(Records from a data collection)
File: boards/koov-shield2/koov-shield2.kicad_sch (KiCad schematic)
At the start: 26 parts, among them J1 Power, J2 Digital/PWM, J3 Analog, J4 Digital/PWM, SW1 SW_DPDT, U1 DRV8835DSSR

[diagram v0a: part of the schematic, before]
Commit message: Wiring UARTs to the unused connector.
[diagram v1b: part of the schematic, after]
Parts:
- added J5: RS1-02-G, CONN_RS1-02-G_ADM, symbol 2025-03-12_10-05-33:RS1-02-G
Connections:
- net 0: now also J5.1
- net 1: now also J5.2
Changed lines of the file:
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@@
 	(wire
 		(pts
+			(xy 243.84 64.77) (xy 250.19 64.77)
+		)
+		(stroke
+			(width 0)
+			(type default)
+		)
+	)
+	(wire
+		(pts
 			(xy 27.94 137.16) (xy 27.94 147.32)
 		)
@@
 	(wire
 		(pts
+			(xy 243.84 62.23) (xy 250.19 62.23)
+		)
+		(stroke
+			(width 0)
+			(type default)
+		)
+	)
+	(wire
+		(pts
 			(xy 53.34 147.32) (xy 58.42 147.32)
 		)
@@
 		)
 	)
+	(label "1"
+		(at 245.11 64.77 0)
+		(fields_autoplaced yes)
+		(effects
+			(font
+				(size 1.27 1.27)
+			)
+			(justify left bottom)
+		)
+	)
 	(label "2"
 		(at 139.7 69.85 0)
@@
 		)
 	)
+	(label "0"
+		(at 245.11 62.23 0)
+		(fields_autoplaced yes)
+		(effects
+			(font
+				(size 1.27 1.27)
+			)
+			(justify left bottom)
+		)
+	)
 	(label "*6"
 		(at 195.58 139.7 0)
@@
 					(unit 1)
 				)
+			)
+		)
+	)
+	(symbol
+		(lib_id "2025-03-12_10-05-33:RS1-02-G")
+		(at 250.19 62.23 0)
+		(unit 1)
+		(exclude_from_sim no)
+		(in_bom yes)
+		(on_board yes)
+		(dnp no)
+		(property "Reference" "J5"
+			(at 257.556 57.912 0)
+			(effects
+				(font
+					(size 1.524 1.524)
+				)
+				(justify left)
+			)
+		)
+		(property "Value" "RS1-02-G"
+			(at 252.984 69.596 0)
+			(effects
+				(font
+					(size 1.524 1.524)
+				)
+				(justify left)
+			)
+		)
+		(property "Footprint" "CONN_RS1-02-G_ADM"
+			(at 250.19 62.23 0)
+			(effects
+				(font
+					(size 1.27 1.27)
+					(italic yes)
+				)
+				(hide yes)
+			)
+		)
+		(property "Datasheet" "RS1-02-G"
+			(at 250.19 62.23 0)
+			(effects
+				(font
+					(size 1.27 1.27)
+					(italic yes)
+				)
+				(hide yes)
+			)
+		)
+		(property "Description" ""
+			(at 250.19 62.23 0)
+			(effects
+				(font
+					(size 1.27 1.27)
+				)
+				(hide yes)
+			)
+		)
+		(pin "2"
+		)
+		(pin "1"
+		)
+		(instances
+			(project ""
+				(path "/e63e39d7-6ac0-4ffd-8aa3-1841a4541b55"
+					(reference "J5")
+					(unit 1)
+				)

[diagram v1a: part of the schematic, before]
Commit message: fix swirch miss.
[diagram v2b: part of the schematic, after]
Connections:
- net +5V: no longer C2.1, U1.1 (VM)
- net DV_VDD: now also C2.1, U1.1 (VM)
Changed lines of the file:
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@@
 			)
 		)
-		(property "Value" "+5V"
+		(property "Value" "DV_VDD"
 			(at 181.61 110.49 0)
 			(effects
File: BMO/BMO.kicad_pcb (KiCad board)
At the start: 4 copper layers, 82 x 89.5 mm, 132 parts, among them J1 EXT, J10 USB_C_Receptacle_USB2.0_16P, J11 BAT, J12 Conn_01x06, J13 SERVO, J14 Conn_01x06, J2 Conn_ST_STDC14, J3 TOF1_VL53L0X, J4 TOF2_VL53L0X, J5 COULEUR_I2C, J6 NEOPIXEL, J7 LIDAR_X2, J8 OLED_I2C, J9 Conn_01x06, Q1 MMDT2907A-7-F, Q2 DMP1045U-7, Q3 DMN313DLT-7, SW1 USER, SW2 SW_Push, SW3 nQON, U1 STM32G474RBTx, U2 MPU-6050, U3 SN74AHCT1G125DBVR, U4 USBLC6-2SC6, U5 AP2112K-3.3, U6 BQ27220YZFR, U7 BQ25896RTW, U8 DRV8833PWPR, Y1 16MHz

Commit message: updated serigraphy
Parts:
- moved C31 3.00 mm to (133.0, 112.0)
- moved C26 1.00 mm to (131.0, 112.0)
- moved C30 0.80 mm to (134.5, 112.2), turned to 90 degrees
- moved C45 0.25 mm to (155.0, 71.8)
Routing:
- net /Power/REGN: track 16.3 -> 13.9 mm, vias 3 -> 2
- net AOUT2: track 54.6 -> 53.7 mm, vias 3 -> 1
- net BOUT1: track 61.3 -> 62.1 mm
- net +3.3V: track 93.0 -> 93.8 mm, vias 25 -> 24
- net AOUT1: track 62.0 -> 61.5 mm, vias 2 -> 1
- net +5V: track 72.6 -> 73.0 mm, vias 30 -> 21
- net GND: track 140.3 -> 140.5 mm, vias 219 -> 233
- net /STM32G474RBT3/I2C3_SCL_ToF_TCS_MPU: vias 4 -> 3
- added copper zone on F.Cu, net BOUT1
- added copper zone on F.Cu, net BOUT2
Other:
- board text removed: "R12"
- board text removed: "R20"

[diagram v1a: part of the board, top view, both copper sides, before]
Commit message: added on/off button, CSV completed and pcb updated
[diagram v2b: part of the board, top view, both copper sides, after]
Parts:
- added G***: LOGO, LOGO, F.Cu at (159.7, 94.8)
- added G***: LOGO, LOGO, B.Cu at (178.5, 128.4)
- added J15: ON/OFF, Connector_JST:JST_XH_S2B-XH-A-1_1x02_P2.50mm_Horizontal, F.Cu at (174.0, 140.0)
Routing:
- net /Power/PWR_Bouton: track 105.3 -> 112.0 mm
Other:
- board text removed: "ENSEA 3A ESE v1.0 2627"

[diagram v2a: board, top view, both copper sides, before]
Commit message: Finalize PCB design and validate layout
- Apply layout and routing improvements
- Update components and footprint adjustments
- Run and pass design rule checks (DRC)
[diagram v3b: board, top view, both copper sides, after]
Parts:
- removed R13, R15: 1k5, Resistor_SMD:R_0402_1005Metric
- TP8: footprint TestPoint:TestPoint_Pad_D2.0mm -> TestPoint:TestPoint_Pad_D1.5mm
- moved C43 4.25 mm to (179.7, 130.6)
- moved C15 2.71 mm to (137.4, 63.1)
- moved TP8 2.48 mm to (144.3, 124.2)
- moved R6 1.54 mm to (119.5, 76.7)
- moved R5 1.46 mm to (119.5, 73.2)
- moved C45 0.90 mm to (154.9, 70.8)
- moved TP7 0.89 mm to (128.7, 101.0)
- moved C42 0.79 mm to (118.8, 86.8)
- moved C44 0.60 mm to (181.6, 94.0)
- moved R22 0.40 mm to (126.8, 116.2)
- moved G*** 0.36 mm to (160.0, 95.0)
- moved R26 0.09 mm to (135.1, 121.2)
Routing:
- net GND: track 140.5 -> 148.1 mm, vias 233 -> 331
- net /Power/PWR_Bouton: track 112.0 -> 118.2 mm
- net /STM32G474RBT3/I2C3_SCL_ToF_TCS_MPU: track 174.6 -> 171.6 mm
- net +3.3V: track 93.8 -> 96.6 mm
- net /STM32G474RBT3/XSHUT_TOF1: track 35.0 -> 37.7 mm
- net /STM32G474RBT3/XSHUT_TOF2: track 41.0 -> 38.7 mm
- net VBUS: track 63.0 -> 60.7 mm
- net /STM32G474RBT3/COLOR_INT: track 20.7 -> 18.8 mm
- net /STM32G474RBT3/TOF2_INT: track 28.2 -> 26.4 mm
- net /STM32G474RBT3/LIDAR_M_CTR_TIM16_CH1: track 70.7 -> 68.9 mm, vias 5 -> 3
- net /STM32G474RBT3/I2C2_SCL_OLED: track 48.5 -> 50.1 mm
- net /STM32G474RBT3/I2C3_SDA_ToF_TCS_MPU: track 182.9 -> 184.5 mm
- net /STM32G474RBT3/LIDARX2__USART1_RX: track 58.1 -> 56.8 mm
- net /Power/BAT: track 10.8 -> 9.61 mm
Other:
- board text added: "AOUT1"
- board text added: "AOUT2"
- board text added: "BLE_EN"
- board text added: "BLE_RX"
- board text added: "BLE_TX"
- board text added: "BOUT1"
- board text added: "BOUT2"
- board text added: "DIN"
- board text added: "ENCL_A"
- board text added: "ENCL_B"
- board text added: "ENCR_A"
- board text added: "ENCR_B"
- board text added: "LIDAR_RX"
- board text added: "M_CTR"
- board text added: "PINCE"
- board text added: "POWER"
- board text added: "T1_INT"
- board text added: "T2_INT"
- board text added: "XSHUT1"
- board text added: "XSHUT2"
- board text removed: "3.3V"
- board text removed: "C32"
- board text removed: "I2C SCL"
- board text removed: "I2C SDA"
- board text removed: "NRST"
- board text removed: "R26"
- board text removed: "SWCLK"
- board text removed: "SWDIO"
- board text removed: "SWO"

**TASK INSTRUCTIONS**
Tally the lines of the entries that carry the word "design" and say only that number.

**COMPLETED EXERCISE**
2